Work task.
Extract the lines from the first one in the records below through the line containing "mat_pal_asphalt.diffuse_color = (0.06848, 0.07819, 0.0999, 1.0)", keeping both ends and leaving out any pictures.

□ □ □ □

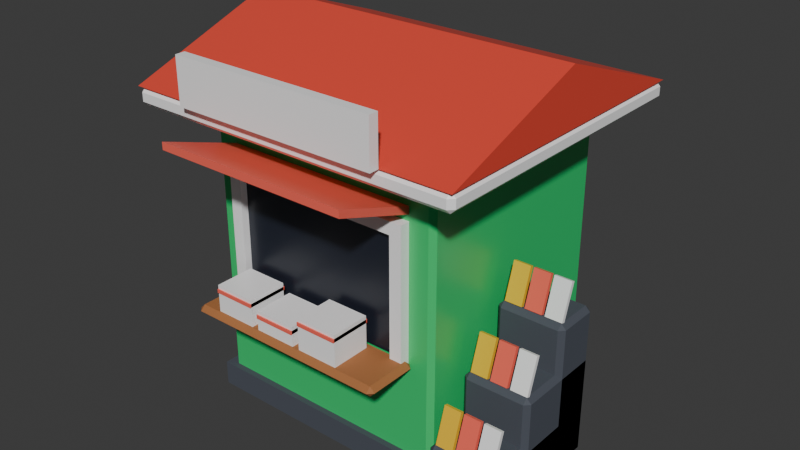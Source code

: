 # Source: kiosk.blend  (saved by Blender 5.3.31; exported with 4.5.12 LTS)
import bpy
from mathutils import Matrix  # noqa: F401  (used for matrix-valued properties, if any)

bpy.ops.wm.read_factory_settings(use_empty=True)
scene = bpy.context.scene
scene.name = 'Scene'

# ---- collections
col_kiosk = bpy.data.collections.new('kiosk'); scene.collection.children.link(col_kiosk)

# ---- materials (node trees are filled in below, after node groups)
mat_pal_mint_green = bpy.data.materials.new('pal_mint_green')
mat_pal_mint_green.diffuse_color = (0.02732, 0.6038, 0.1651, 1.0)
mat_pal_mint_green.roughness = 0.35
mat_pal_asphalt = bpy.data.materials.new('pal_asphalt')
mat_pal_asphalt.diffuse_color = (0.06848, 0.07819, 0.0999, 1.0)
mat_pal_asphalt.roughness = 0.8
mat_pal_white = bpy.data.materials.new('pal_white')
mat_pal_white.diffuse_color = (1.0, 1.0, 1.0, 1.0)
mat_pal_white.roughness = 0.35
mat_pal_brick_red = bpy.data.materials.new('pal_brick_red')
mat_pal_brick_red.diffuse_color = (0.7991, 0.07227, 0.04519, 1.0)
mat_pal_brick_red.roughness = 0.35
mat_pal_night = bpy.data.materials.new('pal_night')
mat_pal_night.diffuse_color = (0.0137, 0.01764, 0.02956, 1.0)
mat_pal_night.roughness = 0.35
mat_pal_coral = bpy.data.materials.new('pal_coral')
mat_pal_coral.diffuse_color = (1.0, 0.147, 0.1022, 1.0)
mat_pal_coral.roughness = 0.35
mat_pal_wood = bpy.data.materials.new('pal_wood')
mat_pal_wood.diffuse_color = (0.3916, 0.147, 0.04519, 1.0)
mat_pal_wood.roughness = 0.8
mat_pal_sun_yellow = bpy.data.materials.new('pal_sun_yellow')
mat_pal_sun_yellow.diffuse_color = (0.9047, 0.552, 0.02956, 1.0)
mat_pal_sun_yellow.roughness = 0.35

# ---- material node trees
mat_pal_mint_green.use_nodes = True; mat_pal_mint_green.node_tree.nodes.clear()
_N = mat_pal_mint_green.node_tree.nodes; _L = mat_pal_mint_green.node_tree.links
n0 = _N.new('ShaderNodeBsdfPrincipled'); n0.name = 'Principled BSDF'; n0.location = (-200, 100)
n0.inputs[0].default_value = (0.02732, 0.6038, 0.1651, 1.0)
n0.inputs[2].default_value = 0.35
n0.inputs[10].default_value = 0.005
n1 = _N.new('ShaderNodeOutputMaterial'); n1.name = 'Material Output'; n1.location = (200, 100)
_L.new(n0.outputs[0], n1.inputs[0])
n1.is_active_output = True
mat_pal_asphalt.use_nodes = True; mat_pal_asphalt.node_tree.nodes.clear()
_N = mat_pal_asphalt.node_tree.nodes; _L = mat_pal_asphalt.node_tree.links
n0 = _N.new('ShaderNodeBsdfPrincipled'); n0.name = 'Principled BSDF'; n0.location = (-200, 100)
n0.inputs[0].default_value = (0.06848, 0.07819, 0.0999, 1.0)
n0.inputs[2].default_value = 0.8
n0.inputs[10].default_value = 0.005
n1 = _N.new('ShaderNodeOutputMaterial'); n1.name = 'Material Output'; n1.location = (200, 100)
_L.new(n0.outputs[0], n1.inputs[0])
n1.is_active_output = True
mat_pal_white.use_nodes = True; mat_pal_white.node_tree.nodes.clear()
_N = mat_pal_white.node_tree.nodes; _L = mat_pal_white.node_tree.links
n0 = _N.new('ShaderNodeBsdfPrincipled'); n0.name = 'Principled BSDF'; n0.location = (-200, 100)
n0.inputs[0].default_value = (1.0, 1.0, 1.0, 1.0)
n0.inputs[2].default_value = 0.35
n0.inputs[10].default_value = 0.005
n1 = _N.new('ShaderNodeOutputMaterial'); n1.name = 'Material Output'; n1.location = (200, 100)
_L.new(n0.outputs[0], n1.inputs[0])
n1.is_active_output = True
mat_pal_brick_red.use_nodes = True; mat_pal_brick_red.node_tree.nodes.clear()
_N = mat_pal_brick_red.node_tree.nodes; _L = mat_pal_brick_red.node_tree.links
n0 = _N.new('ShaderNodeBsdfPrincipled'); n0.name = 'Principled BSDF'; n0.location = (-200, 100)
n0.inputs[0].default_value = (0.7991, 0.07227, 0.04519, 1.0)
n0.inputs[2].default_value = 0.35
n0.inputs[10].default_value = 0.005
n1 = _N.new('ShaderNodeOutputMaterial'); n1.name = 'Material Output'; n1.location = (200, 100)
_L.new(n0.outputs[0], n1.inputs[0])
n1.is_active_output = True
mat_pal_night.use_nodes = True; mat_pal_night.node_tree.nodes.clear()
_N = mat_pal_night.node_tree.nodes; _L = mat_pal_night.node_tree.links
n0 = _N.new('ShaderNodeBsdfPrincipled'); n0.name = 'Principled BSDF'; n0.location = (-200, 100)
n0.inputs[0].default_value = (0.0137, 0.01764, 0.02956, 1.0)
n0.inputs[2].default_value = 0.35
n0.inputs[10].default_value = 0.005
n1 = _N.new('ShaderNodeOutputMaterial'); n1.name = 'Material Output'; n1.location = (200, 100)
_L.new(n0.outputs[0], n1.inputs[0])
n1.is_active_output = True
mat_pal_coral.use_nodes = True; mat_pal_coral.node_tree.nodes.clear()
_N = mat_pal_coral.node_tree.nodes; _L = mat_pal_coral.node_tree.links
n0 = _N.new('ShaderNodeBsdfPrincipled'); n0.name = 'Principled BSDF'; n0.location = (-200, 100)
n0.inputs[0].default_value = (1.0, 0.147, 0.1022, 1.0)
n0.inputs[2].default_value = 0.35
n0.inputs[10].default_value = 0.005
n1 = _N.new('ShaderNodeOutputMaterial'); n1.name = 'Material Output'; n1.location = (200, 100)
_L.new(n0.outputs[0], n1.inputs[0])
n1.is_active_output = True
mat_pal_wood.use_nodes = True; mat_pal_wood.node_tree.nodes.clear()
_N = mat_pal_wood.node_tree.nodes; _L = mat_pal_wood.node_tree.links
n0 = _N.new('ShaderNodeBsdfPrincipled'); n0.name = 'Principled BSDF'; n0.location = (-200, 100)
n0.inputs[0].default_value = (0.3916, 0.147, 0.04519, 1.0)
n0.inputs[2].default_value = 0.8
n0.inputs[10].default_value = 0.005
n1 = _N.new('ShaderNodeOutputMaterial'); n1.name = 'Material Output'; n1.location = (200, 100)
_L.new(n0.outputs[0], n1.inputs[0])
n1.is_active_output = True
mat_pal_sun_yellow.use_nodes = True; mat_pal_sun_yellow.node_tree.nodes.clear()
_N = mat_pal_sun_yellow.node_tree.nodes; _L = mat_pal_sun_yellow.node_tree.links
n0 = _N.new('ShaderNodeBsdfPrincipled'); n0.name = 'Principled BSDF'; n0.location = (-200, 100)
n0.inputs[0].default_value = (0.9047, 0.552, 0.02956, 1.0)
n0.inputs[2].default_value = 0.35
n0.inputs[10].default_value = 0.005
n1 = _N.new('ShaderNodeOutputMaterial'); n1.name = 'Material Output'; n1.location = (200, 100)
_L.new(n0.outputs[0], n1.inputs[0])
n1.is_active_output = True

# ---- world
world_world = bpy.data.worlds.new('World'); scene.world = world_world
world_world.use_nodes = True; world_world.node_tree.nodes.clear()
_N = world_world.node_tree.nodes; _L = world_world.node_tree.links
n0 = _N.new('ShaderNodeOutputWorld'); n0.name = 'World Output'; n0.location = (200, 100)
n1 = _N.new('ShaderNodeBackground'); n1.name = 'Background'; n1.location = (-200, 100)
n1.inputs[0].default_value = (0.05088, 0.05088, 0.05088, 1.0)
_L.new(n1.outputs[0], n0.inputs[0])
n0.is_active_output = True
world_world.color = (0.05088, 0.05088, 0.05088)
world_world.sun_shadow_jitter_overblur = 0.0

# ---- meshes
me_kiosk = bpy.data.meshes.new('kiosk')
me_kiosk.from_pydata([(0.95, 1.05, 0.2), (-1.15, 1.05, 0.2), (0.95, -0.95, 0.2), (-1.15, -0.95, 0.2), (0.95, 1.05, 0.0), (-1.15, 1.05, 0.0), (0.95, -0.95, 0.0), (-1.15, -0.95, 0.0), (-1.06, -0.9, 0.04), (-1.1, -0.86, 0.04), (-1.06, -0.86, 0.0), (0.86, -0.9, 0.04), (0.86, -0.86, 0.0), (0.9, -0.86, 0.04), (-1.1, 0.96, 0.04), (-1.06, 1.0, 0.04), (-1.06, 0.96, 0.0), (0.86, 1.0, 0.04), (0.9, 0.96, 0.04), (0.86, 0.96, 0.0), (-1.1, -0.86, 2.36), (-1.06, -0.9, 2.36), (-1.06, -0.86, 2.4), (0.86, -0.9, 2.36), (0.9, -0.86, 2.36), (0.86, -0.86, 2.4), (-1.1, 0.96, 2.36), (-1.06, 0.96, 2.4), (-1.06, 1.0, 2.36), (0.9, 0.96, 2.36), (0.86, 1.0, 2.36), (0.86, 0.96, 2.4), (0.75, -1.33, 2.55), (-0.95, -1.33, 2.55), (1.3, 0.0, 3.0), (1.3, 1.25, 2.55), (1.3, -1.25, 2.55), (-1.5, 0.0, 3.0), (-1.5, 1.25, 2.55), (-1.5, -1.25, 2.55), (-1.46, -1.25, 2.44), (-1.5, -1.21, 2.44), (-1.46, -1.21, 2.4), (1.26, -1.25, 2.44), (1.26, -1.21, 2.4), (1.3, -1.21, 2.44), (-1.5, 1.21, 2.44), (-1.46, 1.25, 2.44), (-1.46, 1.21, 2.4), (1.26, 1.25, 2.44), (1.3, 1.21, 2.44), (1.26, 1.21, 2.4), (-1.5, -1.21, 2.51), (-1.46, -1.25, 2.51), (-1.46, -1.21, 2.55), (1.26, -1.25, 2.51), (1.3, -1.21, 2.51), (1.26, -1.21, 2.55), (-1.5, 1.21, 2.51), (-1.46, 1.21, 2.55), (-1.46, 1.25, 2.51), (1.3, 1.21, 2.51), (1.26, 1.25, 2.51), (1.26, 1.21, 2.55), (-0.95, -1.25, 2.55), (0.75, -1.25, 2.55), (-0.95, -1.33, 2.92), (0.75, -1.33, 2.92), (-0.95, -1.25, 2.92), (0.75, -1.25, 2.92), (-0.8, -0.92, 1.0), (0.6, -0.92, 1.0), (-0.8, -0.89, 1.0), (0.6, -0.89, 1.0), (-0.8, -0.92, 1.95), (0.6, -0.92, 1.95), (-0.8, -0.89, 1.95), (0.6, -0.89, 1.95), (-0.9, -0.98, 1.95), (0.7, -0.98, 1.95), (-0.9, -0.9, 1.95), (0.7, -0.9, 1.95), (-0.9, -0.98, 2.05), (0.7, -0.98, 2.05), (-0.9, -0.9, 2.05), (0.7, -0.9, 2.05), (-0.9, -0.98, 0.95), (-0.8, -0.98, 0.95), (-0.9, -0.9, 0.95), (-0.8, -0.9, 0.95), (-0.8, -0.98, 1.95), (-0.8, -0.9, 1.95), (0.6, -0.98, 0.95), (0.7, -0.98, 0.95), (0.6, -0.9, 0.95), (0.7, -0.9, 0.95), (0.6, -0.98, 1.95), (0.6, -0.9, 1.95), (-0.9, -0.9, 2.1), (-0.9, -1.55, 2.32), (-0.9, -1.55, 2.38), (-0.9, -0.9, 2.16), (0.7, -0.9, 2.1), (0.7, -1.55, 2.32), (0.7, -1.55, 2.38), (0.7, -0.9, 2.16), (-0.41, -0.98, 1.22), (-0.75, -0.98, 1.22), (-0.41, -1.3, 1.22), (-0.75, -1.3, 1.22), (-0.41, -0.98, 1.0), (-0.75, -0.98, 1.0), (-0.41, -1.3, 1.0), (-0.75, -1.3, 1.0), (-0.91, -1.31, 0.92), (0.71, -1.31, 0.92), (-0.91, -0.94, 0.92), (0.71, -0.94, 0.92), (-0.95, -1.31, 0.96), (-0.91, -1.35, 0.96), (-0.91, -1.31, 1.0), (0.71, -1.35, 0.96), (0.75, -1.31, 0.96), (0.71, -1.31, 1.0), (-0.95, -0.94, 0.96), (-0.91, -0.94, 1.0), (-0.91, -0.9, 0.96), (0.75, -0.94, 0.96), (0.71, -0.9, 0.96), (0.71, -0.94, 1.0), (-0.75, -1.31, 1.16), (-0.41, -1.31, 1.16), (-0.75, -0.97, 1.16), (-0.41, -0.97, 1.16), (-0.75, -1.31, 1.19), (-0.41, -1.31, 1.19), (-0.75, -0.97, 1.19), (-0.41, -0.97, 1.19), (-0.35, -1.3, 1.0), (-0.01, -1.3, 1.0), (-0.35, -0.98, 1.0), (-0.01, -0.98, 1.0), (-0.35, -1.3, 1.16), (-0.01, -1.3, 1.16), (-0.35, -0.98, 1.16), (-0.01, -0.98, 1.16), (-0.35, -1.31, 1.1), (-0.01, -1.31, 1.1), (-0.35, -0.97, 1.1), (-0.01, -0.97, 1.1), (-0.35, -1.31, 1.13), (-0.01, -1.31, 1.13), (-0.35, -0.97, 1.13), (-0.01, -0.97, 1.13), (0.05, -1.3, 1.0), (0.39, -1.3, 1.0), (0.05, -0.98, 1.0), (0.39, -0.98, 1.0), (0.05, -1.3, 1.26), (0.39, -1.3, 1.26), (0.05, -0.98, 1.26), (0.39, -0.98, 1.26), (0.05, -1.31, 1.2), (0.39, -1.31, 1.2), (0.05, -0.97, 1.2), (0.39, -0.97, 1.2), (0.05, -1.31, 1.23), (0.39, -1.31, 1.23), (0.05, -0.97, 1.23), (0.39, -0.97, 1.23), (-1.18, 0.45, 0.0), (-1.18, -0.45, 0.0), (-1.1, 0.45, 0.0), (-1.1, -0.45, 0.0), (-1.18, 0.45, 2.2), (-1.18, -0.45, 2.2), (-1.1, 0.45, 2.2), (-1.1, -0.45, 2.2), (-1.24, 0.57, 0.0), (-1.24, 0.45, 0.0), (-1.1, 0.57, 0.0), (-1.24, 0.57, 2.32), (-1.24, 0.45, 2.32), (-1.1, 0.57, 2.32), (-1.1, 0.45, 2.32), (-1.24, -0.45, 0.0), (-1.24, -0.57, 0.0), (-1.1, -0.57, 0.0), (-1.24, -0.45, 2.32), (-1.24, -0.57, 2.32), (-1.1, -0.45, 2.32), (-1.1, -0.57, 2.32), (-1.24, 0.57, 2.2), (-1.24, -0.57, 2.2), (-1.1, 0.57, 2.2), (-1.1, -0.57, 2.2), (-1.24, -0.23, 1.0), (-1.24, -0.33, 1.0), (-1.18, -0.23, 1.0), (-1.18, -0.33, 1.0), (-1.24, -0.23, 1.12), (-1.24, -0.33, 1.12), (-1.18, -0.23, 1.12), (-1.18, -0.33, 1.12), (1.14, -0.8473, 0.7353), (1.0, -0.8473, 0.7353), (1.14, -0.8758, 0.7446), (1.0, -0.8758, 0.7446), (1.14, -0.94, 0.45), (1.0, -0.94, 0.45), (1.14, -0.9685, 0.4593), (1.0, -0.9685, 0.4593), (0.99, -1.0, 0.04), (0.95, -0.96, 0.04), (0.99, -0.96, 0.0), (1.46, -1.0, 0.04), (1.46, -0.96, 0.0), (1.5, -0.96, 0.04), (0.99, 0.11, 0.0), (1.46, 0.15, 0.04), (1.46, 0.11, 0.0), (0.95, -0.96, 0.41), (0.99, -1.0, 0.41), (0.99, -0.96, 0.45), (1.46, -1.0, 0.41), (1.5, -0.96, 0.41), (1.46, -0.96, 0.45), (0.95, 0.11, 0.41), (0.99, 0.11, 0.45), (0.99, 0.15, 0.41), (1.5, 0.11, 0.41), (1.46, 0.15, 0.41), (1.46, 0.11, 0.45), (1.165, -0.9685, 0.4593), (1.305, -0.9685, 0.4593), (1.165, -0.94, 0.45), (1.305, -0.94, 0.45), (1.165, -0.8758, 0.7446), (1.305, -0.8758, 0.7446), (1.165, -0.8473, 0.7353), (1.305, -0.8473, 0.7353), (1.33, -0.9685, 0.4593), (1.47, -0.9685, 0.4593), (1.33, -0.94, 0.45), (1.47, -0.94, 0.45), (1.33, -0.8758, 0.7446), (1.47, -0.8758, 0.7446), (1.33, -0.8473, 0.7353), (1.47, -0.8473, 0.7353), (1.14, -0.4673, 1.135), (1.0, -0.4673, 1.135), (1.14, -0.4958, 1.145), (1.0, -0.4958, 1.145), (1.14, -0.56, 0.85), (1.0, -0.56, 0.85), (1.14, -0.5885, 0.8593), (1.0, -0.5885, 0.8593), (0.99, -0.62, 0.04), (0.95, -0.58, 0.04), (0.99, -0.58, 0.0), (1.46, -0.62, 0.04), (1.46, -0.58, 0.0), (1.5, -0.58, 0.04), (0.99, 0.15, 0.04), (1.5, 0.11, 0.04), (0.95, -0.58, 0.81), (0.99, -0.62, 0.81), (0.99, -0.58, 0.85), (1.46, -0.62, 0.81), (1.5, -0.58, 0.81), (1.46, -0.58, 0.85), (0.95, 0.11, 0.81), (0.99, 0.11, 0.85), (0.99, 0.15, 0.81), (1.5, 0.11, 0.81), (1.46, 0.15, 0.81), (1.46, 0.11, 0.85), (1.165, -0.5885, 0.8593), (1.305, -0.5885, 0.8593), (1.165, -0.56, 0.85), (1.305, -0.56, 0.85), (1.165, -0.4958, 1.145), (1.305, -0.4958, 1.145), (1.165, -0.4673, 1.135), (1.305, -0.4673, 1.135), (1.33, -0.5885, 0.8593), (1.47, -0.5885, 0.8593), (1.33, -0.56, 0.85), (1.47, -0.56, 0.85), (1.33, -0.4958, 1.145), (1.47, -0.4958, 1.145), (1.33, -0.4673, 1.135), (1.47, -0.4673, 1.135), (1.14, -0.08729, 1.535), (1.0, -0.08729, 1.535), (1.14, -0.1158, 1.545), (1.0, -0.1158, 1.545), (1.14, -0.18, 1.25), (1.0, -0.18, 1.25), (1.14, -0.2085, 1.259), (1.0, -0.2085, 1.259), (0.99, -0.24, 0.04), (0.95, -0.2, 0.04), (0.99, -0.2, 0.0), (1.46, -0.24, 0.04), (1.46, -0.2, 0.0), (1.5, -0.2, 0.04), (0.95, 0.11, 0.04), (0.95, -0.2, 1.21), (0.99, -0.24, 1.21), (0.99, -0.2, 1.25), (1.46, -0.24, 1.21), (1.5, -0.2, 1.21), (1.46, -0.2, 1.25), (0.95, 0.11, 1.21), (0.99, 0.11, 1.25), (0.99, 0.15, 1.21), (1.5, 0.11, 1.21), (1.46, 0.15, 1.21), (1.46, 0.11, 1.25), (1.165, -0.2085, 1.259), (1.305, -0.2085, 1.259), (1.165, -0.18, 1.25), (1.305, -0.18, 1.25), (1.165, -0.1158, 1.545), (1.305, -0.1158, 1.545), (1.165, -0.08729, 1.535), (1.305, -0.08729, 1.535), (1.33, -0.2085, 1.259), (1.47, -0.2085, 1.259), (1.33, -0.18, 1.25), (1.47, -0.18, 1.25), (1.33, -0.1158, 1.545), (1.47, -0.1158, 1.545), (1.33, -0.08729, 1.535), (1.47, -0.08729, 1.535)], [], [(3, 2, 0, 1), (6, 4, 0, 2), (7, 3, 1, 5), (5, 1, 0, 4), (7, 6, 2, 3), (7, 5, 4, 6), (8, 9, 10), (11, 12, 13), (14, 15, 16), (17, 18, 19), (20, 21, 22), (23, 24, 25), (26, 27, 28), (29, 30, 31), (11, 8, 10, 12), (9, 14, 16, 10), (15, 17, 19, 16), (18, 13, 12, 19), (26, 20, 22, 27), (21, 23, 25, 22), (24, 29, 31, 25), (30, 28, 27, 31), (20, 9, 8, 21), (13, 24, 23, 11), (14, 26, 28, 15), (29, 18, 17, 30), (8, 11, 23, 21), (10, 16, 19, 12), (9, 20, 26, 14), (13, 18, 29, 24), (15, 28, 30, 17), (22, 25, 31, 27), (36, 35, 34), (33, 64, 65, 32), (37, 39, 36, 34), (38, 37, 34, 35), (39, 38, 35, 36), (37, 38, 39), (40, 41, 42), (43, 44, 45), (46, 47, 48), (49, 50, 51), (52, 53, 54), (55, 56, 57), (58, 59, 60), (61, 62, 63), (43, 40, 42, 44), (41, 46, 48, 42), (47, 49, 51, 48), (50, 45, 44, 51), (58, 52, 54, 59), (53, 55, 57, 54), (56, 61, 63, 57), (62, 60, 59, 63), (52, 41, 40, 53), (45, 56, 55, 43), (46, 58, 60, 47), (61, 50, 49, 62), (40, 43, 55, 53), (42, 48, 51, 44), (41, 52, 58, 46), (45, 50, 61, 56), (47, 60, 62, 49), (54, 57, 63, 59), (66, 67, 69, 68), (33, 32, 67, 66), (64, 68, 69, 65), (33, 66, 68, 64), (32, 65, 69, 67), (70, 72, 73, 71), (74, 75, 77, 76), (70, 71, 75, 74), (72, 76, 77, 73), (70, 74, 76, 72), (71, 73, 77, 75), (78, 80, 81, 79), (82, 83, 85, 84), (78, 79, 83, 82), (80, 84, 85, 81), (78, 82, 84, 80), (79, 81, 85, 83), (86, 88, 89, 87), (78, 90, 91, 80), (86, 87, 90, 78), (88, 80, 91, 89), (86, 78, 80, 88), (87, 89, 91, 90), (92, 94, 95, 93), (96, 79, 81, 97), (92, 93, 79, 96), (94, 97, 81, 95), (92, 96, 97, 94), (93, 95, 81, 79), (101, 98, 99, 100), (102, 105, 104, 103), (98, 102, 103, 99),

□ □ □ □

Reply to the task.
Source code

: # Source: kiosk.blend  (saved by Blender 5.3.31; exported with 4.5.12 LTS)
import bpy
from mathutils import Matrix  # noqa: F401  (used for matrix-valued properties, if any)

bpy.ops.wm.read_factory_settings(use_empty=True)
scene = bpy.context.scene
scene.name = 'Scene'

# ---- collections
col_kiosk = bpy.data.collections.new('kiosk'); scene.collection.children.link(col_kiosk)

# ---- materials (node trees are filled in below, after node groups)
mat_pal_mint_green = bpy.data.materials.new('pal_mint_green')
mat_pal_mint_green.diffuse_color = (0.02732, 0.6038, 0.1651, 1.0)
mat_pal_mint_green.roughness = 0.35
mat_pal_asphalt = bpy.data.materials.new('pal_asphalt')
mat_pal_asphalt.diffuse_color = (0.06848, 0.07819, 0.0999, 1.0)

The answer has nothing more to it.